Typical social relations in Guerrero are fundamentally rooted in patriarchal structures. Women do not usually possess or inherit land; their access depends on their lineage, in which either their father or husband is entitled to land and political representation.  Women who have been widowed only have access to land if it is formally inherited to them by their spouses. Single mothers or separated women are likely to have to live with their parents in order to provide for themselves and their children. 

As a single mother I have suffered a lot, because I don’t depend on anybody and I live by the day, and now there is no work (Mariana).

In political terms, decisions are made during community assemblies. However only landowners or household representatives are permitted to vote. 

The household representative is just one and it’s the family man. Women who are widows can vote but their vote is the last to be counted (Concepción).

Social distancing measures implemented during lockdown – hand washing, face masks, the closure of schools and suspension of public transport, among others – were decided in large part by a community representative -“el comisario”- and the Comunitarios, enforced by cartel groups. Such top-down decision making processes are legitimised in Guerrero despite women not being able to exercise their citizenship fully. Communities have expressed fear of the constant threat of armed violence that structures their precarious daily lives. 
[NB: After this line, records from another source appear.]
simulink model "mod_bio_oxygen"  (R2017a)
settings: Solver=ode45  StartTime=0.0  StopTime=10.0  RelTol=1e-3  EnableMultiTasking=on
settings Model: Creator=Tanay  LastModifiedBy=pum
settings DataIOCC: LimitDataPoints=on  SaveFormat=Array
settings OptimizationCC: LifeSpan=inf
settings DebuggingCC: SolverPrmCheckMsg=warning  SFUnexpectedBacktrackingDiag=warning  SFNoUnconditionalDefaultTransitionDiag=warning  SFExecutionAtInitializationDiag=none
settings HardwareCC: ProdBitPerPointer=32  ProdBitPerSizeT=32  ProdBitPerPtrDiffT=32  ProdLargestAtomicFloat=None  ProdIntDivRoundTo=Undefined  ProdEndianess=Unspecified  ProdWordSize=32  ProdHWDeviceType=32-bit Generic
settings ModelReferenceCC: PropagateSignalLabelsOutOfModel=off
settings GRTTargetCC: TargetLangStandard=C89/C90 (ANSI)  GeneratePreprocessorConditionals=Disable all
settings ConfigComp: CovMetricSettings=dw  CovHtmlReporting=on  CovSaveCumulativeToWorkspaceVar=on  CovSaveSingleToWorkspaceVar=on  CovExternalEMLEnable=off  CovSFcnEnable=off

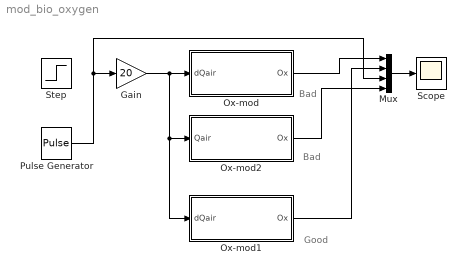
== system mod_bio_oxygen ==
  note: Good
  note: Bad
  note: Bad
  Gain : Gain  Gain=20
  Mux : Mux
  Ox-mod : Subsystem  mask{cx_max=10, alpha=1, beta=1}
      mask prompts: cx_max "Oxygen contents"; alpha "Liquefication speed"; beta "Aeration coef."
  Ox-mod1 : Subsystem  mask{ox_max=10, ox_min=2, alpha=0.5, beta=2}
      mask prompts: ox_max "Maximum"; ox_min "Minimum"; alpha "Coef. aeration"; beta "Coef. de-aeration"
  Ox-mod2 : Subsystem  mask{ox_max=10, ox_min=0.1, alpha=0.5}
      mask prompts: ox_max "Maximum"; ox_min "Minimum"; alpha "Coef. transformation"
  Pulse Generator : DiscretePulseGenerator  PulseType=Time based  Period=5  PulseWidth=50
  Scope : Scope
  Step : Step  SampleTime=0
  wires:
  Ox-mod/1(Ox) -> Mux/1
  Pulse Generator/1 -> Mux/3, Gain/1
  Gain/1 -> Ox-mod2/1(Qair), Ox-mod1/1(dQair), Ox-mod/1(dQair)
  Mux/1 -> Scope/1
  Ox-mod1/1(Ox) -> Mux/2
  Ox-mod2/1(Ox) -> Mux/4

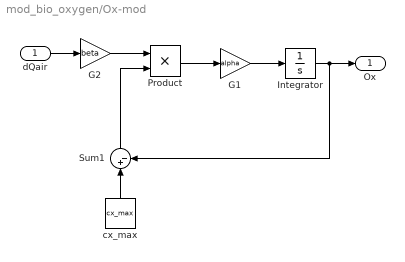
== system mod_bio_oxygen/Ox-mod ==
  dQair : Inport
  G1 : Gain  Gain=alpha
  G2 : Gain  Gain=beta
  Integrator : Integrator
  Product : Product
  Sum1 : Sum  Inputs=|+-
  cx_max : Constant  Value=cx_max
  Ox : Outport
  wires:
  Sum1/1 -> Product/2
  cx_max/1 -> Sum1/1
  dQair/1 -> G2/1
  Product/1 -> G1/1
  Integrator/1 -> Sum1/2, Ox/1
  G1/1 -> Integrator/1
  G2/1 -> Product/1

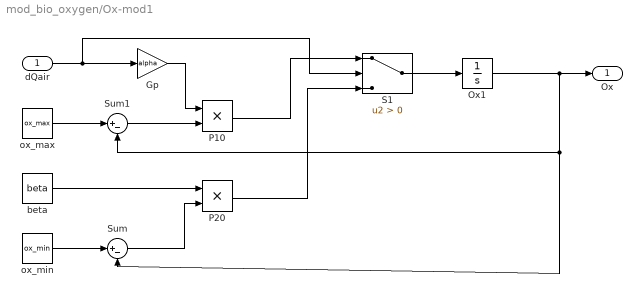
== system mod_bio_oxygen/Ox-mod1 ==
  dQair : Inport
  Gp : Gain  Gain=alpha
  Ox1 : Integrator
  P10 : Product
  P20 : Product
  S1 : Switch  Criteria=u2 > Threshold
  Sum : Sum  Inputs=|+-
  Sum1 : Sum  Inputs=|+-
  beta : Constant  Value=beta
  ox_max : Constant  Value=ox_max
  ox_min : Constant  Value=ox_min
  Ox : Outport
  wires:
  Ox1/1 -> Sum/2, Sum1/2, Ox/1
  ox_max/1 -> Sum1/1
  ox_min/1 -> Sum/1
  S1/1 -> Ox1/1
  dQair/1 -> Gp/1, S1/2
  Sum1/1 -> P10/2
  P10/1 -> S1/1
  Gp/1 -> P10/1
  Sum/1 -> P20/2
  beta/1 -> P20/1
  P20/1 -> S1/3

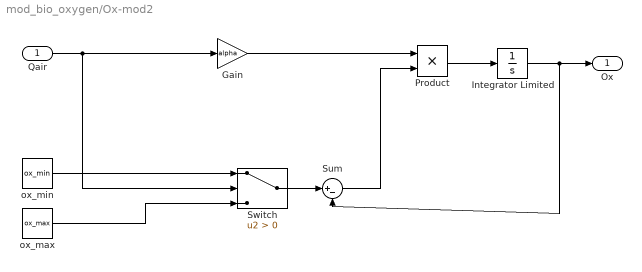
== system mod_bio_oxygen/Ox-mod2 ==
  Qair : Inport
  Gain : Gain  Gain=alpha
  Integrator Limited : Integrator  LimitOutput=on  UpperSaturationLimit=ox_max  LowerSaturationLimit=0
  Product : Product
  Sum : Sum  Inputs=|+-
  Switch : Switch  Criteria=u2 > Threshold
  ox_max : Constant  Value=ox_max
  ox_min : Constant  Value=ox_min
  Ox : Outport
  wires:
  Qair/1 -> Switch/2, Gain/1
  Integrator Limited/1 -> Ox/1, Sum/2
  ox_max/1 -> Switch/3
  ox_min/1 -> Switch/1
  Switch/1 -> Sum/1
  Sum/1 -> Product/2
  Product/1 -> Integrator Limited/1
  Gain/1 -> Product/1

This group of “comunitarios” are people who give us security. To be honest, they belong to a criminal group and are not from our community. Since November 2019 they have been participating in our meetings and assemblies and people have been subjugated to the decisions they take (Concepción).

Throughout the research process, the women told their narrative of vulnerability and empty bellies. The interplay of criminal groups, sexist oppression and chronic poverty provides the foundation for womens’ experiences during the pandemic, characterised by lack of access to money to buy food and other essential subsistence resources. These difficult  conditions have also fostered communication, listening and sharing between women, with the purpose to organise and bring about much needed change. As one of the women who interviewed her fellow villagers told us: 

I feel that every day we get poorer in the Sierra (mountain), because of the security issues and the decreasing price of our main crop and source of living -poppy-. I would like the government to pay attention to us, to provide us with productive projects, roads to trade our crops, schools to teach our children and doctors to let us go ahead. 

It is important to gather and share the feelings of my fellow women growers, to hear their necessities, what they lack and all the needs we share. By gathering and sharing this information, we are letting other people know what we feel, live and want (Guillermina).